To this end, the UN, which has approved 14 sanctions regimes since the end of the Cold War, uses articles 39 and 41 of Chapter VII of the UN Charter. The European Union, which has applied sanctions on 35 occasions since the Maastricht Treaty entered into force in 1993 (14 are simply implementations of those adopted by the UN, six others add complementary sanctions to those previously adopted, and another 14 are specific to the EU), defines them as a legal instrument of the Common Foreign and Security Policy (included in Article 21 of the Treaty on European Union and Article 215 of the Treaty on the Functioning of the European Union), requiring unanimous approval by the European Council. Beginning with Iran in 1979, the United States has applied sanctions more than 50 times, either on the initiative of Congress or of the White House. On several occasions, it has abused its actual power by trying to impose its own standards extraterritorially with the aim of punishing third parties.

If we only take into consideration the handful of times that sanctions have been used successfully to radically modify the behaviour of targeted actors, and the undeniable costs that occasionally exceed the supposed benefits, the immediate temptation would be to demand that they be eliminated.

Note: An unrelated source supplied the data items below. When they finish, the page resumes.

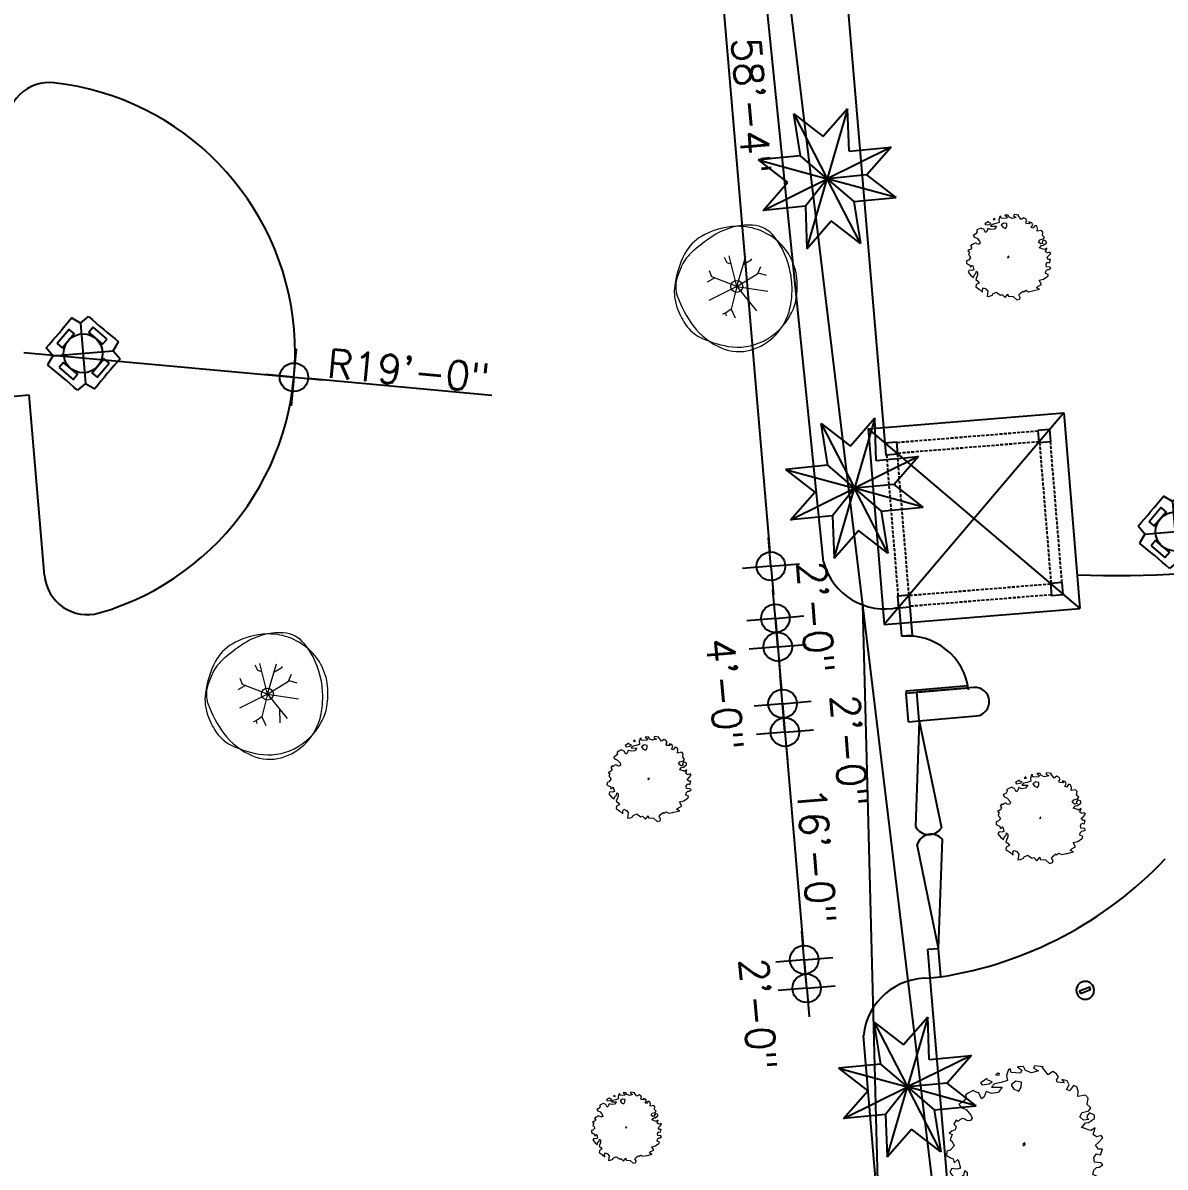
# Model space of a CAD drawing. Extents: x 2080 to 102399, y 2071 to 93424.
# Drawn here: x 82331 to 83291, y 75793 to 76755 of the extents above; entities that cross this region are included whole.
import ezdxf

# ---------------------------------------------------------------- set-up
doc = ezdxf.new("R2010")
doc.units = 0
doc.header["$LTSCALE"] = 20
doc.header["$MEASUREMENT"] = 0
doc.header["$PDMODE"] = 34
doc.header["$PDSIZE"] = 5
doc.linetypes.add('HIDDEN', pattern=[0.375, 0.25, -0.125])
doc.layers.add('correct', color=230, linetype='Continuous', plot=False)
for name, color, linetype in [('DIMLINE', 254, 'Continuous'), ('ELEC', 11, 'Continuous'), ('KALKAAL', 7, 'Continuous'), ('proposed tree', 3, 'Continuous'), ('road', 2, 'Continuous'), ('Roof lilne', 31, 'Continuous'), ('wall', 13, 'Continuous')]:
    doc.layers.add(name, color=color, linetype=linetype)
for name, color, linetype, lineweight in [('Mango tree', 96, 'Continuous', 5), ('sappotta', 114, 'Continuous', 5), ('tree', 60, 'Continuous', 0)]:
    doc.layers.add(name, color=color, linetype=linetype, lineweight=lineweight)
doc.styles.add('STYLE1', font='romans.shx')
doc.dimstyles.get("Standard").update_dxf_attribs({"dimtxt": 24, "dimasz": 12, "dimexe": 0.18, "dimexo": 0.0625, "dimgap": 0, "dimtad": 1, "dimzin": 1, "dimdsep": 46, "dimlunit": 4, "dimtxsty": 'STYLE1', "dimblk": 'BLK', "dimcen": 0, "dimse1": 1, "dimse2": 1, "dimclrt": 3, "dimazin": 0, "dimtfac": 1, "dimtix": 1, "dimtmove": 2, "dimatfit": 3, "dimldrblk": 'BLK', "dimfxl": 1, "dimtolj": 1, "dimtzin": 0, "dimarcsym": 0})

# ---------------------------------------------------------------- blocks, each defined once
blk = doc.blocks.new('NEEM')
at = {"layer": 'sappotta', "linetype": 'Continuous'}
for p, q in [((-0.359, 1.043), (-0.396, 1.016)), ((-0.396, 1.016), (-0.345, 1.011)), ((-0.345, 1.011), (-0.34, 1.039)), ((-0.213, 1.092), (-0.242, 1.007)), ((-0.242, 1.007), (-0.23, 0.935)), ((-0.191, 1.099), (-0.213, 1.092)), ((-0.177, 1.048), (-0.191, 1.099)), ((-0.043, 1.039), (-0.177, 1.048)), ((0.003, 1.132), (-0.083, 1.127)), ((-0.083, 1.127), (-0.023, 1.083)), ((-0.023, 1.083), (-0.043, 1.039)), ((0.03, 1.077), (0.003, 1.132)), ((0.114, 1.043), (0.03, 1.077)), ((0.216, 1.072), (0.114, 1.043)), ((0.162, 1.144), (0.142, 1.112)), ((0.142, 1.112), (0.216, 1.072)), ((0.283, 1.13), (0.162, 1.144)), ((0.267, 1.123), (0.283, 1.13)), ((0.351, 1.016), (0.267, 1.123)), ((0.421, 1.063), (0.351, 1.016)), ((0.473, 1.03), (0.421, 1.063)), ((0.501, 0.982), (0.473, 1.03)), ((-0.517, 0.963), (-0.614, 0.901)), ((-0.614, 0.901), (-0.589, 0.87)), ((-0.589, 0.87), (-0.494, 0.884)), ((-0.521, 0.945), (-0.521, 0.945)), ((-0.449, 0.913), (-0.521, 0.945)), ((-0.494, 0.884), (-0.449, 0.913)), ((-0.415, 0.884), (-0.459, 0.839)), ((-0.459, 0.839), (-0.303, 0.837)), ((-0.32, 0.906), (-0.415, 0.884)), ((-0.303, 0.837), (-0.361, 0.762)), ((-0.23, 0.935), (-0.32, 0.906)), ((-0.108, 0.922), (-0.177, 0.872)), ((-0.177, 0.872), (-0.139, 0.809)), ((-0.027, 0.908), (-0.108, 0.922)), ((-0.067, 0.78), (-0.034, 0.839)), ((-0.034, 0.839), (-0.027, 0.908)), ((0.472, 0.942), (0.501, 0.982)), ((0.483, 0.908), (0.472, 0.942)), ((0.581, 0.9), (0.483, 0.908)), ((0.551, 0.95), (0.581, 0.9)), ((0.627, 0.928), (0.551, 0.95)), ((0.616, 0.806), (0.654, 0.87)), ((0.654, 0.87), (0.627, 0.928)), ((0.715, 0.86), (0.66, 0.788)), ((0.762, 0.844), (0.715, 0.86)), ((0.783, 0.779), (0.762, 0.844)), ((-0.818, 0.692), (-0.85, 0.638)), ((-0.783, 0.757), (-0.83, 0.729)), ((-0.83, 0.729), (-0.826, 0.714)), ((-0.826, 0.714), (-0.818, 0.692)), ((-0.749, 0.774), (-0.783, 0.757)), ((-0.717, 0.789), (-0.749, 0.774)), ((-0.689, 0.772), (-0.717, 0.789)), ((-0.638, 0.758), (-0.689, 0.772)), ((-0.598, 0.672), (-0.638, 0.758)), ((-0.562, 0.699), (-0.598, 0.672)), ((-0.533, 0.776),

But doing so would mean losing an instrument that, in all of its forms, is necessary for the international community to improve levels of compliance with the rules that govern the world. Without them, we would be forced to rely solely on diplomatic efforts or be condemned to the use of force, which should be seen as a means of last resort. We must also remember that, on their own, sanctions can hardly be expected to bring about changes in behaviour; however, as recent experience has taught us, their objective should be to contribute to a greater or lesser extent to protecting the values and principles laid out by international law, to peace, to the consolidation of democratic systems and the rule of law, and to full respect for human rights.

It is of course true that sanctions must be adapted in order to find a better balance between punishment on the one hand, and procedural and legal guarantees for people directly affected by them on the other. Likewise, improving systems of approval and implementation is essential to achieving the greatest possible consensus and preventing the creation of loopholes that allow offenders to benefit from the imposition of sanctions. This also means accepting that there is no universally valid system of sanctions and that it will be necessary to precisely analyse which modality can achieve the best results and how long their application is expected in each individual case. It is above all necessary to prevent at all costs sanctions from having indiscriminate humanitarian effects. Offenders must be unequivocally identified and the rights of the rest of the population explicitly protected.

Unfortunately, as we wait for these proposed reforms to be implemented, there are still examples, such as those in Venezuela or Iran at present, which seem to be moving in the wrong direction. Without defending the actions of the leaders of these countries, it becomes clear that what is being passed off as simple sanctions are in fact a thinly veiled strategy of harassment with the goal of overthrowing their respective governments, while punishing the civilian population in the midst of a pandemic. While it is clear that Washington is the main driver behind such actions, other governments (including the European Union) are guilty of failing to call out its behaviour while presenting themselves as sincere defenders of international law and human rights and, whether by action or omission, failing to meet their commitments.

This article has been translated from Spanish.